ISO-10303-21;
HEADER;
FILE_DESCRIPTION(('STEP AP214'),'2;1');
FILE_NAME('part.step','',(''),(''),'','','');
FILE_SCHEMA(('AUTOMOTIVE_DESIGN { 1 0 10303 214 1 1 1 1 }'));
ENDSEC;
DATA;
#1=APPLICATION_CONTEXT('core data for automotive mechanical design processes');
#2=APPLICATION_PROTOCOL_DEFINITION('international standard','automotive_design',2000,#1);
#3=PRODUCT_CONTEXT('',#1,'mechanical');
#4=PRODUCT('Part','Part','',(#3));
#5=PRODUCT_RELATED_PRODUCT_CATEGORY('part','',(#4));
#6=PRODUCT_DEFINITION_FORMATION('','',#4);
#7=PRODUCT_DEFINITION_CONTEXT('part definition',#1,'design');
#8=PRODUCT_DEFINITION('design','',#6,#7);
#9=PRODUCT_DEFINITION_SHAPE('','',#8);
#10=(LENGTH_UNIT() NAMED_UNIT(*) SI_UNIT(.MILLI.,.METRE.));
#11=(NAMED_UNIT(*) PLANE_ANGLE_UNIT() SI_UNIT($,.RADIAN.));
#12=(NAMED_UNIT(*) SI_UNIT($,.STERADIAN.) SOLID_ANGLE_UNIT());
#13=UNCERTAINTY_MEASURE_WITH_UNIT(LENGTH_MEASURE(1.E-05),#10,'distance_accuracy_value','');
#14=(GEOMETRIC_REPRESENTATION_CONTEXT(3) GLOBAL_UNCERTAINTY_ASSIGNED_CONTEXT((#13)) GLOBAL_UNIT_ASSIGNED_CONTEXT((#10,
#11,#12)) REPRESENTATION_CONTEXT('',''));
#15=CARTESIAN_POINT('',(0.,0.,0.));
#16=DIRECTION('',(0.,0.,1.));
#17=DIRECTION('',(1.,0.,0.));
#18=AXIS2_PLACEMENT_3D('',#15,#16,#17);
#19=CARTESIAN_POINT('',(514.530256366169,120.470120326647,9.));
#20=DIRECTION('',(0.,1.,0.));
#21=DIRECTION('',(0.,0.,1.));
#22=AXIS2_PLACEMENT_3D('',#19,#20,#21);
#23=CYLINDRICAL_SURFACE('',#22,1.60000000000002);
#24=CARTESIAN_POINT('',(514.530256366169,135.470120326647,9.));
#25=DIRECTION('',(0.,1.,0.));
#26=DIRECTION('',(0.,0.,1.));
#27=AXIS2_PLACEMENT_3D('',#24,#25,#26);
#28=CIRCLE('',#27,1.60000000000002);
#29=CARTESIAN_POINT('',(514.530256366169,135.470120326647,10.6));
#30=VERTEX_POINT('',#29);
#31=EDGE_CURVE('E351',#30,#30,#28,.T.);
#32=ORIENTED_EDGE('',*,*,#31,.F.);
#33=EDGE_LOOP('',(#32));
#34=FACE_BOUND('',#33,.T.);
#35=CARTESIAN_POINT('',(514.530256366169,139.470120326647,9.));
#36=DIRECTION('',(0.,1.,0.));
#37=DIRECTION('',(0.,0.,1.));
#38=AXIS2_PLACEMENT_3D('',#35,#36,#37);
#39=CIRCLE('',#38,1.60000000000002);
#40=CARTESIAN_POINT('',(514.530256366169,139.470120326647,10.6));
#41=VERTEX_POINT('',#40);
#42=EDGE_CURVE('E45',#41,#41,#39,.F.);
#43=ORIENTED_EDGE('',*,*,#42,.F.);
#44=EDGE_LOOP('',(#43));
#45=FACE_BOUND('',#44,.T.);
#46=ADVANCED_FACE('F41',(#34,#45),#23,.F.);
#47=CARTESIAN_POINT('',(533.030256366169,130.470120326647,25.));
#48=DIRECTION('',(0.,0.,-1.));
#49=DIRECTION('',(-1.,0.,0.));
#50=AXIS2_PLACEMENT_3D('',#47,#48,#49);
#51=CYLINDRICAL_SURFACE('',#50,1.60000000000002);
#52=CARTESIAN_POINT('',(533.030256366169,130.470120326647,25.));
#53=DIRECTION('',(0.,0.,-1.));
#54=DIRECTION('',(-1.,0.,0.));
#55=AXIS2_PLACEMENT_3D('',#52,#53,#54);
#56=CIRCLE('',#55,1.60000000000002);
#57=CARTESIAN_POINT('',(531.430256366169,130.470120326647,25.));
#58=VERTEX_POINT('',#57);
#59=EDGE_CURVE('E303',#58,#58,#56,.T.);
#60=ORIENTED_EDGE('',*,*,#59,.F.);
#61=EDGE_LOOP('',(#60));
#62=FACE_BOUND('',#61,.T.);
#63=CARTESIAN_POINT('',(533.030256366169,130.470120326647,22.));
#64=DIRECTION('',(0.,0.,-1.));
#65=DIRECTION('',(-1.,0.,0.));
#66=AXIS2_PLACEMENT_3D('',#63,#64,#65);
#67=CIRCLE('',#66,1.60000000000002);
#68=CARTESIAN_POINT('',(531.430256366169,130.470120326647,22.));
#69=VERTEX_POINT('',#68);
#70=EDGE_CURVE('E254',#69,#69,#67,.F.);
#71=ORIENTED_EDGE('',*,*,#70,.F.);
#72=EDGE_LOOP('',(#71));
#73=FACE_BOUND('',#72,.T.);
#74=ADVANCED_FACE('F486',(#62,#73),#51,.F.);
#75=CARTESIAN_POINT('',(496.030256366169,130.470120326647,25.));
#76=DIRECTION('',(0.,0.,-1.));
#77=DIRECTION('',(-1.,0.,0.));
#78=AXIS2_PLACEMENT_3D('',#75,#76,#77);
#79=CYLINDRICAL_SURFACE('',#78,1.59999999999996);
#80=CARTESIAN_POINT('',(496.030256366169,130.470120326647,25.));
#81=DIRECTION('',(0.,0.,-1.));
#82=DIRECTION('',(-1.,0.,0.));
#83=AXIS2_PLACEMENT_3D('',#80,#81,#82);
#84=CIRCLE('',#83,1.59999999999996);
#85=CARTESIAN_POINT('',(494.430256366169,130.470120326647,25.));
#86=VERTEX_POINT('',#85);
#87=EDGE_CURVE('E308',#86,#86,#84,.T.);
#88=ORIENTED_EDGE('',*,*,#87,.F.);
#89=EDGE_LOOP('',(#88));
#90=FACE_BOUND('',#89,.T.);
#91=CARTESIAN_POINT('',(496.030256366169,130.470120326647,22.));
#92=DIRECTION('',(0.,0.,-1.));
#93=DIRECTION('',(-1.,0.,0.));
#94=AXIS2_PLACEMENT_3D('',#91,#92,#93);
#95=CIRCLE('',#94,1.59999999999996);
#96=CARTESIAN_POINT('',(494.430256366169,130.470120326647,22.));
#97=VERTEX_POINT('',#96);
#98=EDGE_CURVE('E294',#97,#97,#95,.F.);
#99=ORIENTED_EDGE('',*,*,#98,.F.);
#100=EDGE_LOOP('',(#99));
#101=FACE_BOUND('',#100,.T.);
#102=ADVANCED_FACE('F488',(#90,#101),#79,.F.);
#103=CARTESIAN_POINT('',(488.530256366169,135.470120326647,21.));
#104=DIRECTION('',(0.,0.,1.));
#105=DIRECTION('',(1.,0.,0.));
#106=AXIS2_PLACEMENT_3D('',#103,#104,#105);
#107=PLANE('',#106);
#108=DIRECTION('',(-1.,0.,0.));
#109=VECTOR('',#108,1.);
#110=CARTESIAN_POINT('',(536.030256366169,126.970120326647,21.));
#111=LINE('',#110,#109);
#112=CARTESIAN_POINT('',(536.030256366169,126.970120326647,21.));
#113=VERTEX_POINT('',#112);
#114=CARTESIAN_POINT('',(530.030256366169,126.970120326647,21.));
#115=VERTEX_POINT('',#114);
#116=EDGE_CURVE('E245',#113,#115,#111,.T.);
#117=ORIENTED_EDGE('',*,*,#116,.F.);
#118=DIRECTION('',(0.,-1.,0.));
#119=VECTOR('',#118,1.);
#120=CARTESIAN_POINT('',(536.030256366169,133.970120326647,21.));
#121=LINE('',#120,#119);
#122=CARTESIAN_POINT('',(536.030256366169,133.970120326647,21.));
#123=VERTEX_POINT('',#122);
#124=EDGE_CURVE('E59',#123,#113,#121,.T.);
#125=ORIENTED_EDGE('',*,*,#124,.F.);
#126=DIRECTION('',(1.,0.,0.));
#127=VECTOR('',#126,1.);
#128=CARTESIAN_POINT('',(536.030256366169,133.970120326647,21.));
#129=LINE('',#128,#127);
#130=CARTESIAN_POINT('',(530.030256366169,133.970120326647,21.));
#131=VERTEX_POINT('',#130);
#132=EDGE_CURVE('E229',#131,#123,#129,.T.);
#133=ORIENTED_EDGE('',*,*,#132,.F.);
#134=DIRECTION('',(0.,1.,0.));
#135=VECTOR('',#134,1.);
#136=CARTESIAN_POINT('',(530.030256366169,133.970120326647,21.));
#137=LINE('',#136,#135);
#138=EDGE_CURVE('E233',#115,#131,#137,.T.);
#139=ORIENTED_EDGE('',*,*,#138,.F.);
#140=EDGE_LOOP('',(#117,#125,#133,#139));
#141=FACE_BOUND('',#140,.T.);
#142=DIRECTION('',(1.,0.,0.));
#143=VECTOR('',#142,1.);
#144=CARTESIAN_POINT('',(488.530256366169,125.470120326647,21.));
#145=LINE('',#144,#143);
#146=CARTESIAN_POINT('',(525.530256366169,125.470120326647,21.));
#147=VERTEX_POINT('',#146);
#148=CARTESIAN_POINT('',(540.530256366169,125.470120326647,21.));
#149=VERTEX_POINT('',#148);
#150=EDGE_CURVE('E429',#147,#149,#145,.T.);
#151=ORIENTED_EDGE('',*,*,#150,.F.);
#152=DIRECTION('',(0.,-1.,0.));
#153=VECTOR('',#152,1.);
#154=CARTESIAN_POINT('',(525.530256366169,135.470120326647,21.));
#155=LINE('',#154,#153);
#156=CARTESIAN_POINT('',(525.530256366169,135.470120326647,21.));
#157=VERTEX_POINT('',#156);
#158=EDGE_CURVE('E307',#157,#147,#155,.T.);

####################

**TASK PROMPT:**
All lines from the one with "#143=VECTOR('',#142,1.);" to the end of the material above should be copied exactly, both ends included, and nothing else.

**REPLY:**
#143=VECTOR('',#142,1.);
#144=CARTESIAN_POINT('',(488.530256366169,125.470120326647,21.));
#145=LINE('',#144,#143);
#146=CARTESIAN_POINT('',(525.530256366169,125.470120326647,21.));
#147=VERTEX_POINT('',#146);
#148=CARTESIAN_POINT('',(540.530256366169,125.470120326647,21.));
#149=VERTEX_POINT('',#148);
#150=EDGE_CURVE('E429',#147,#149,#145,.T.);
#151=ORIENTED_EDGE('',*,*,#150,.F.);
#152=DIRECTION('',(0.,-1.,0.));
#153=VECTOR('',#152,1.);
#154=CARTESIAN_POINT('',(525.530256366169,135.470120326647,21.));
#155=LINE('',#154,#153);
#156=CARTESIAN_POINT('',(525.530256366169,135.470120326647,21.));
#157=VERTEX_POINT('',#156);
#158=EDGE_CURVE('E307',#157,#147,#155,.T.);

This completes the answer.